# Travel Trailer Needed



## chrisg (Oct 7, 2003)

Greetings. I am looking for a travel trailer to keep on my property near Kalkaska. Cant afford afford anything expensive. Its for me an my two teen boys and younger daughter to spend weekends in about once a month. I will pay cash, but only have a few grand. If you know of anybody that has something they want to get rid of of please let me know. I am over here in Baghdad, at Camp Liberty and return home on the 25th of March. Been here and up north Iraq for a year. Need to get some up north time with the kids! Just thought I would reach out here on this forum.

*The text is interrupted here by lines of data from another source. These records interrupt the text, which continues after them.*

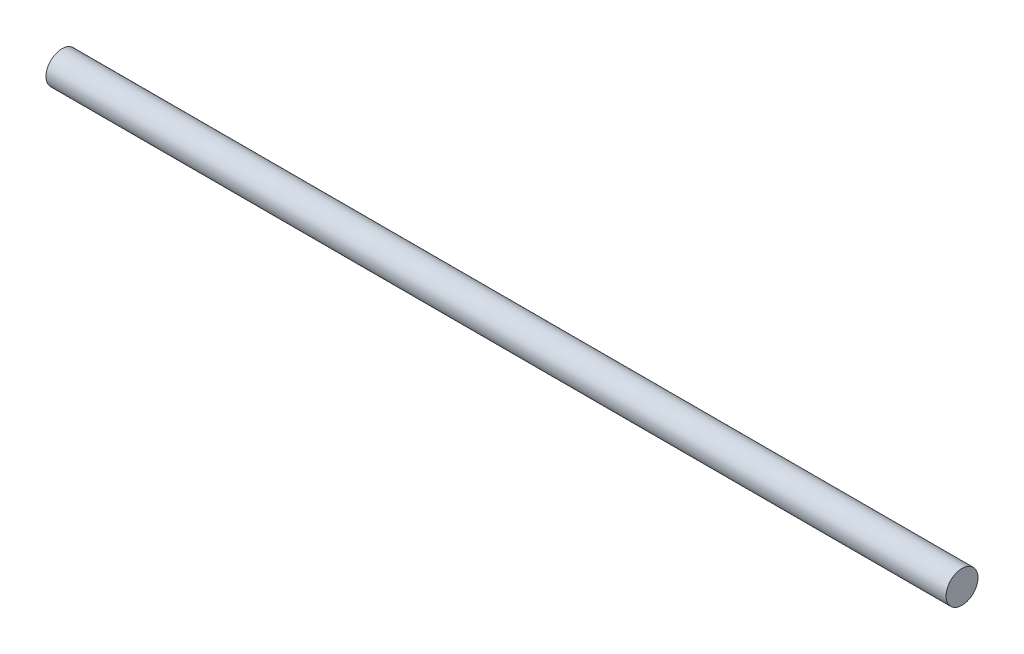
SolidWorks part; units mm, degrees
material "Copper"
ref_plane "Front Plane" through (0, 0, 0) normal (0, 0, 1) x (1, 0, 0)
ref_plane "Top Plane" through (0, 0, 0) normal (0, 1, 0) x (1, 0, 0)
ref_plane "Right Plane" through (0, 0, 0) normal (1, 0, 0) x (0, 0, -1)
sketch "Sketch1" plane through (0, 0, 0) normal (1, 0, 0) x (0, 0, -1)
  circle A0 centre (0, 0) radius 0.1775
  dimension "D1" = 0.355
extrude "Boss-Extrude1" add sketch "Sketch1" along normal mid plane 10

Thanks

Chris 

[email protected] or [email protected]


----------



## john warren (Jan 25, 2005)

theres a ton of decent trailers out there that would fit your needs. don't be in a hurry. watch the sides of the roads as you travel around . anytime you go somewhere stay off the highway and stick to the 2 lane blacktops and you will see dozens on every trip.


----------



## slowpoke (Jan 30, 2001)

There are some on the MS site for sell.


----------



## jstfish48162 (Mar 8, 2003)

first off....THANK YOU for allowing my family to sleep soundly at night.

second...check the classifieds forum on this site....there is a camper fitting your description for sale there.


----------